When you look at his journey as a rider and how his Tour was won, it makes a lot more sense than when you just consider "OMG track racer Geraint Thomas won a Tour!!!" without context. There were no heroics or super-human performances involved, just an excellent rider getting to contest a Tour under ideal circumstances.
I never said I was smarter than anyone. You were questioning whether I watched cycling so I was just saying that I've been watching for many years. I'm British so I would have lots of reasons to support Sky if I wanted to, but I'm just not buying it. All of the major cycling forums think the same, it's way, way too good to be true. Whatever it is that they're doing, will surely come out some day.

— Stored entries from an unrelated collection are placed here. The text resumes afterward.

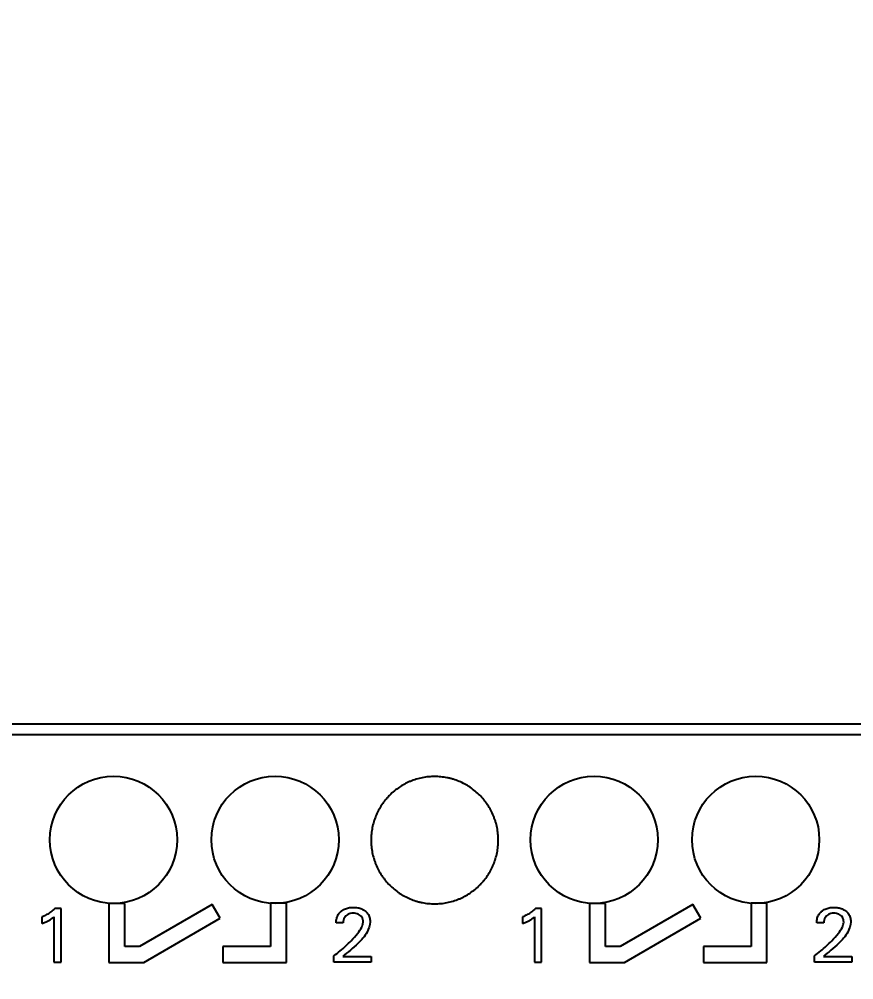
# Model space of a CAD drawing. Extents: x 0 to 420, y 0 to 297.
# Drawn here: x 113.16 to 139.41, y 157.65 to 187.83 of the extents above; entities that cross this region are included whole.
import ezdxf

# ---------------------------------------------------------------- set-up
doc = ezdxf.new("R2010")
doc.units = 0
doc.header["$LTSCALE"] = 23.1
for name, color, linetype in [('10000_FRONT', 7, 'CONTINUOUS'), ('10100_DIM_FRONT', 7, 'CONTINUOUS'), ('10500_FRONT_LABELING', 7, 'CONTINUOUS')]:
    doc.layers.add(name, color=color, linetype=linetype)
doc.styles.get("Standard").update_dxf_attribs({"font": 'txt', "width": 0.8})
doc.dimstyles.new('DIMSTYLE_1', dxfattribs={"dimtxt": 3.5, "dimasz": 3.5, "dimexe": 0.18, "dimexo": 0.0625, "dimgap": 0.09, "dimtad": 1, "dimtxsty": 'STANDARD', "dimcen": 0.09, "dimazin": 3, "dimtp": 0.05, "dimtm": 0.05, "dimtfac": 1, "dimtofl": 0, "dimtmove": 0, "dimatfit": 3, "dimtolj": 1})

# ---------------------------------------------------------------- blocks, each defined once
blk = doc.blocks.new('*D1')
at = {"layer": '10100_DIM_FRONT', "linetype": 'CONTINUOUS'}
for p, q in [((161.977533, 187.833527), (161.977533, 124.539487)), ((82.477533, 147.384527), (82.477533, 124.539487)), ((82.477533, 126.539487), (122.227533, 126.539487)), ((161.977533, 126.539487), (122.227533, 126.539487))]:
    blk.add_line(p, q, dxfattribs=at)
for points in [[(85.977533, 127.039487), (82.477533, 126.539487), (85.977533, 126.039487)], [(158.477533, 126.039487), (161.977533, 126.539487), (158.477533, 127.039487)]]:
    blk.add_solid(points, dxfattribs=at)
at = {"layer": '10100_DIM_FRONT', "linetype": 'CONTINUOUS', "width": 0.714286}
blk.add_text('79,5', height=3.5, dxfattribs=at).set_placement((118.396875, 127.414487))

msp = doc.modelspace()

# ---------------------------------------------------------------- linework, layer by layer
at = {"layer": '10000_FRONT', "color": 7, "linetype": 'CONTINUOUS'}
for p, q in [((90.478, 165.687), (161.978, 165.687)), ((90.478, 165.354), (161.978, 165.354)), ((115.986, 160.049), (115.986, 158.195)), ((116.482, 160.049), (115.986, 160.049)), ((116.482, 158.696), (116.482, 160.049)), ((119.233, 160.014), (116.948, 158.696)), ((119.482, 159.58), (119.233, 160.014)), ((121.063, 160.055), (121.063, 158.695)), ((121.563, 160.055), (121.063, 160.055)), ((121.563, 158.195), (121.563, 160.055)), ((131.097, 160.049), (131.097, 158.195)), ((131.594, 160.049), (131.097, 160.049)), ((131.594, 158.696), (131.594, 160.049)), ((134.344, 160.014), (132.06, 158.696)), ((134.594, 159.58), (134.344, 160.014)), ((136.175, 160.055), (136.175, 158.695)), ((136.675, 160.055), (136.175, 160.055)), ((136.675, 158.195), (136.675, 160.055)), ((117.081, 158.195), (119.482, 159.58)), ((132.192, 158.195), (134.594, 159.58)), ((116.948, 158.696), (116.482, 158.696)), ((119.563, 158.695), (119.563, 158.195)), ((121.063, 158.695), (119.563, 158.695)), ((132.06, 158.696), (131.594, 158.696)), ((134.675, 158.695), (134.675, 158.195)), ((136.175, 158.695), (134.675, 158.695)), ((115.986, 158.195), (117.081, 158.195)), ((119.563, 158.195), (121.563, 158.195)), ((131.097, 158.195), (132.192, 158.195)), ((134.675, 158.195), (136.675, 158.195))]:
    msp.add_line(p, q, dxfattribs=at)
for centre in [(116.129, 162.046), (121.209, 162.046), (131.241, 162.046), (136.321, 162.046)]:
    msp.add_circle(centre, 2, dxfattribs=at)
for points, knots in [([(128.228, 162.035), (128.228, 162.1), (128.224, 162.166), (128.211, 162.296), (128.202, 162.36), (128.177, 162.488), (128.161, 162.551), (128.132, 162.645), (128.122, 162.676), (128.1, 162.738), (128.088, 162.769), (128.051, 162.86), (127.995, 162.977), (127.928, 163.089), (127.874, 163.171), (127.855, 163.198), (127.816, 163.25), (127.796, 163.276), (127.733, 163.353), (127.689, 163.401), (127.551, 163.54), (127.45, 163.623), (127.314, 163.714), (127.286, 163.732), (127.229, 163.766), (127.201, 163.782), (127.114, 163.829), (127.055, 163.857), (126.935, 163.907), (126.873, 163.929), (126.779, 163.957), (126.748, 163.966), (126.684, 163.982), (126.651, 163.989), (126.554, 164.009), (126.425, 164.028), (126.295, 164.034), (126.164, 164.035), (126.099, 164.031), (126, 164.022), (125.967, 164.018), (125.902, 164.008), (125.87, 164.003), (125.773, 163.983), (125.71, 163.968), (125.585, 163.93), (125.524, 163.908), (125.433, 163.87), (125.403, 163.857), (125.358, 163.836), (125.343, 163.829), (125.314, 163.814), (125.241, 163.776), (125.171, 163.734), (125.008, 163.625), (124.907, 163.542), (124.79, 163.426), (124.768, 163.402), (124.723, 163.353), (124.702, 163.328), (124.64, 163.253), (124.601, 163.2), (124.529, 163.092), (124.495, 163.036), (124.449, 162.949), (124.434, 162.92), (124.406, 162.86), (124.392, 162.83), (124.355, 162.739), (124.311, 162.617), (124.279, 162.49), (124.26, 162.394), (124.254, 162.362), (124.245, 162.297), (124.241, 162.265), (124.231, 162.166), (124.228, 162.1), (124.228, 162.035)], [0, 0, 0, 0, 0.03125, 0.03125, 0.0625, 0.0625, 0.09375, 0.09375, 0.109375, 0.109375, 0.125, 0.125, 0.15625, 0.1875, 0.1875, 0.203125, 0.203125, 0.21875, 0.21875, 0.25, 0.25, 0.3125, 0.3125, 0.328125, 0.328125, 0.34375, 0.34375, 0.375, 0.375, 0.40625, 0.40625, 0.421875, 0.421875, 0.4375, 0.4375, 0.46875, 0.5, 0.5, 0.53125, 0.53125, 0.546875, 0.546875, 0.5625, 0.5625, 0.59375, 0.59375, 0.625, 0.625, 0.640625, 0.640625, 0.648438, 0.648438, 0.65625, 0.6875, 0.6875, 0.75, 0.75, 0.765625, 0.765625, 0.78125, 0.78125, 0.8125, 0.8125, 0.84375, 0.84375, 0.859375, 0.859375, 0.875, 0.875, 0.90625, 0.9375, 0.9375, 0.953125, 0.953125, 0.96875, 0.96875, 1, 1, 1, 1]), ([(124.228, 162.035), (124.228, 161.969), (124.231, 161.903), (124.244, 161.773), (124.253, 161.709), (124.278, 161.582), (124.294, 161.518), (124.323, 161.424), (124.333, 161.393), (124.355, 161.331), (124.367, 161.3), (124.404, 161.209), (124.46, 161.092), (124.527, 160.98), (124.581, 160.898), (124.6, 160.872), (124.639, 160.819), (124.659, 160.793), (124.722, 160.716), (124.766, 160.668), (124.904, 160.529), (125.005, 160.446), (125.128, 160.364), (125.141, 160.355), (125.169, 160.337), (125.183, 160.329), (125.226, 160.303), (125.254, 160.287), (125.341, 160.241), (125.4, 160.213), (125.52, 160.163), (125.582, 160.14), (125.676, 160.112), (125.707, 160.103), (125.771, 160.087), (125.804, 160.08), (125.901, 160.06), (126.03, 160.041), (126.16, 160.035), (126.291, 160.034), (126.356, 160.038), (126.455, 160.047), (126.488, 160.051), (126.553, 160.061), (126.585, 160.067), (126.682, 160.086), (126.745, 160.102), (126.87, 160.139), (126.931, 160.161), (127.022, 160.199), (127.052, 160.212), (127.097, 160.233), (127.112, 160.241), (127.141, 160.255), (127.214, 160.293), (127.285, 160.335), (127.447, 160.444), (127.548, 160.527), (127.665, 160.643), (127.688, 160.667), (127.732, 160.716), (127.753, 160.741), (127.815, 160.817), (127.854, 160.869), (127.926, 160.977), (127.96, 161.033), (128.006, 161.12), (128.021, 161.149), (128.049, 161.209), (128.063, 161.239), (128.1, 161.33), (128.144, 161.452), (128.176, 161.579), (128.195, 161.675), (128.201, 161.707), (128.21, 161.772), (128.215, 161.804), (128.224, 161.903), (128.228, 161.969), (128.228, 162.035)], [0, 0, 0, 0, 0.03125, 0.03125, 0.0625, 0.0625, 0.09375, 0.09375, 0.109375, 0.109375, 0.125, 0.125, 0.15625, 0.1875, 0.1875, 0.203125, 0.203125, 0.21875, 0.21875, 0.25, 0.25, 0.3125, 0.3125, 0.320312, 0.320312, 0.328125, 0.328125, 0.34375, 0.34375, 0.375, 0.375, 0.40625, 0.40625, 0.421875, 0.421875, 0.4375, 0.4375, 0.46875, 0.5, 0.5, 0.53125, 0.53125, 0.546875, 0.546875, 0.5625, 0.5625, 0.59375, 0.59375, 0.625, 0.625, 0.640625, 0.640625, 0.648438, 0.648438, 0.65625, 0.6875, 0.6875, 0.75, 0.75, 0.765625, 0.765625, 0.78125, 0.78125, 0.8125, 0.8125, 0.84375, 0.84375, 0.859375, 0.859375, 0.875, 0.875, 0.90625, 0.9375, 0.9375, 0.953125, 0.953125, 0.96875, 0.96875, 1, 1, 1, 1])]:
    msp.add_open_spline(points, degree=3, knots=knots, dxfattribs=at)
at = {"layer": '10500_FRONT_LABELING', "color": 7, "linetype": 'CONTINUOUS'}
for p, q in [((114.479, 159.887), (114.287, 159.887)), ((114.479, 158.196), (114.479, 159.887)), ((129.591, 159.887), (129.398, 159.887)), ((129.591, 158.196), (129.591, 159.887)), ((113.879, 159.625), (113.879, 159.413)), ((114.252, 159.624), (114.252, 158.196)), ((123.35, 159.437), (123.129, 159.437)), ((128.991, 159.625), (128.991, 159.413)), ((129.363, 159.624), (129.363, 158.196)), ((138.461, 159.437), (138.241, 159.437)), ((114.252, 158.196), (114.479, 158.196)), ((123.059, 158.196), (123.059, 158.4)), ((124.232, 158.196), (123.059, 158.196)), ((123.336, 158.382), (124.232, 158.382)), ((124.232, 158.382), (124.232, 158.196)), ((129.363, 158.196), (129.591, 158.196)), ((138.171, 158.196), (138.171, 158.4)), ((139.343, 158.196), (138.171, 158.196)), ((138.448, 158.382), (139.343, 158.382)), ((139.343, 158.382), (139.343, 158.196))]:
    msp.add_line(p, q, dxfattribs=at)
for points, knots in [([(114.287, 159.887), (114.247, 159.849), (114.165, 159.778), (114.028, 159.691), (113.93, 159.645), (113.879, 159.625)], [0, 0, 0, 0, 0.335376, 0.666733, 1, 1, 1, 1]), ([(123.059, 158.4), (123.126, 158.45), (123.254, 158.551), (123.436, 158.71), (123.625, 158.892), (123.799, 159.084), (123.934, 159.278), (123.984, 159.434), (123.97, 159.543), (123.939, 159.616), (123.887, 159.672), (123.822, 159.711), (123.746, 159.734), (123.662, 159.741), (123.577, 159.733), (123.498, 159.706), (123.434, 159.661), (123.384, 159.599), (123.355, 159.522), (123.349, 159.466), (123.35, 159.437)], [0, 0, 0, 0, 0.104116, 0.205085, 0.303144, 0.433178, 0.529839, 0.598022, 0.633057, 0.664801, 0.696393, 0.726886, 0.759247, 0.795227, 0.832181, 0.865789, 0.898315, 0.930542, 0.963549, 1, 1, 1, 1]), ([(123.129, 159.437), (123.129, 159.485), (123.139, 159.578), (123.191, 159.704), (123.279, 159.802), (123.389, 159.873), (123.52, 159.914), (123.662, 159.925), (123.802, 159.915), (123.93, 159.879), (124.04, 159.816), (124.131, 159.727), (124.186, 159.606), (124.211, 159.403), (124.101, 159.095), (123.791, 158.732), (123.491, 158.512), (123.336, 158.382)], [0, 0, 0, 0, 0.047634, 0.090966, 0.134024, 0.175852, 0.219839, 0.26854, 0.316048, 0.358805, 0.398874, 0.441275, 0.482994, 0.528552, 0.640457, 0.793497, 1, 1, 1, 1]), ([(129.398, 159.887), (129.359, 159.849), (129.276, 159.778), (129.139, 159.691), (129.041, 159.645), (128.991, 159.625)], [0, 0, 0, 0, 0.335376, 0.666733, 1, 1, 1, 1]), ([(138.171, 158.4), (138.237, 158.45), (138.365, 158.551), (138.547, 158.71), (138.737, 158.892), (138.911, 159.084), (139.045, 159.278), (139.095, 159.434), (139.082, 159.543), (139.051, 159.616), (138.999, 159.672), (138.934, 159.711), (138.858, 159.734), (138.774, 159.741), (138.688, 159.733), (138.61, 159.706), (138.545, 159.661), (138.496, 159.599), (138.467, 159.522), (138.461, 159.466), (138.461, 159.437)], [0, 0, 0, 0, 0.104116, 0.205085, 0.303144, 0.433178, 0.529839, 0.598022, 0.633057, 0.664801, 0.696393, 0.726886, 0.759247, 0.795227, 0.832181, 0.865789, 0.898315, 0.930542, 0.963549, 1, 1, 1, 1]), ([(138.241, 159.437), (138.24, 159.485), (138.25, 159.578), (138.303, 159.704), (138.39, 159.802), (138.501, 159.873), (138.632, 159.914), (138.773, 159.925), (138.913, 159.915), (139.041, 159.879), (139.152, 159.816), (139.242, 159.727), (139.298, 159.606), (139.323, 159.403), (139.212, 159.095), (138.902, 158.732), (138.603, 158.512), (138.448, 158.382)], [0, 0, 0, 0, 0.047634, 0.090966, 0.134024, 0.175852, 0.219839, 0.26854, 0.316048, 0.358805, 0.398874, 0.441275, 0.482994, 0.528552, 0.640457, 0.793497, 1, 1, 1, 1]), ([(113.879, 159.413), (113.914, 159.427), (113.98, 159.454), (114.071, 159.498), (114.136, 159.537), (114.182, 159.569), (114.216, 159.595), (114.24, 159.614), (114.252, 159.624)], [0, 0, 0, 0, 0.263331, 0.496838, 0.701719, 0.791454, 0.890837, 1, 1, 1, 1]), ([(128.991, 159.413), (129.026, 159.427), (129.092, 159.454), (129.182, 159.498), (129.247, 159.537), (129.294, 159.569), (129.328, 159.595), (129.351, 159.614), (129.363, 159.624)], [0, 0, 0, 0, 0.263331, 0.496838, 0.701719, 0.791454, 0.890837, 1, 1, 1, 1])]:
    msp.add_open_spline(points, degree=3, knots=knots, dxfattribs=at)

# ---------------------------------------------------------------- dimensions: what is measured, and where the dimension line sits
at = {"layer": '10100_DIM_FRONT', "linetype": 'CONTINUOUS'}
dim = msp.add_linear_dim(base=(161.978, 126.539), p1=(82.478, 147.385), p2=(161.978, 187.834), text='79,5', dimstyle='DIMSTYLE_1', dxfattribs=at)
dim.commit()
dim.dimension.update_dxf_attribs({"geometry": '*D1', "text_midpoint": (123.397, 129.164), "dimtype": 160})

doc.saveas('drawing.dxf')

This guy sums it up pretty succinctly:
"This is a guy who is 32 years old, who prior to this Tour never finished better then 15th in a GT, afaik never managed to have more then 1 decent mountain stage result (6th in 10th stage 2015), who out of the blue became the best rider and climber in the Tour who happens to win Sky's 5th TDF win in 6 years with 3 riders each one having a unique transformation into GC cyclist."
Thomas by winning also smashed a previous record of worst GC finish by a future Tour winner. He had finished 139/140 in his first tour, before joining Sky. Way worse than any other future winner. Coincidentally (or not) the previous record holder in that regard was Wiggins. Froome is also in the top 5.
Those ‘worst GC finish by a future Tour winner’ stats, featuring our three Sky heroes, were obviously due to them not having fluffy pillows or something in previous years.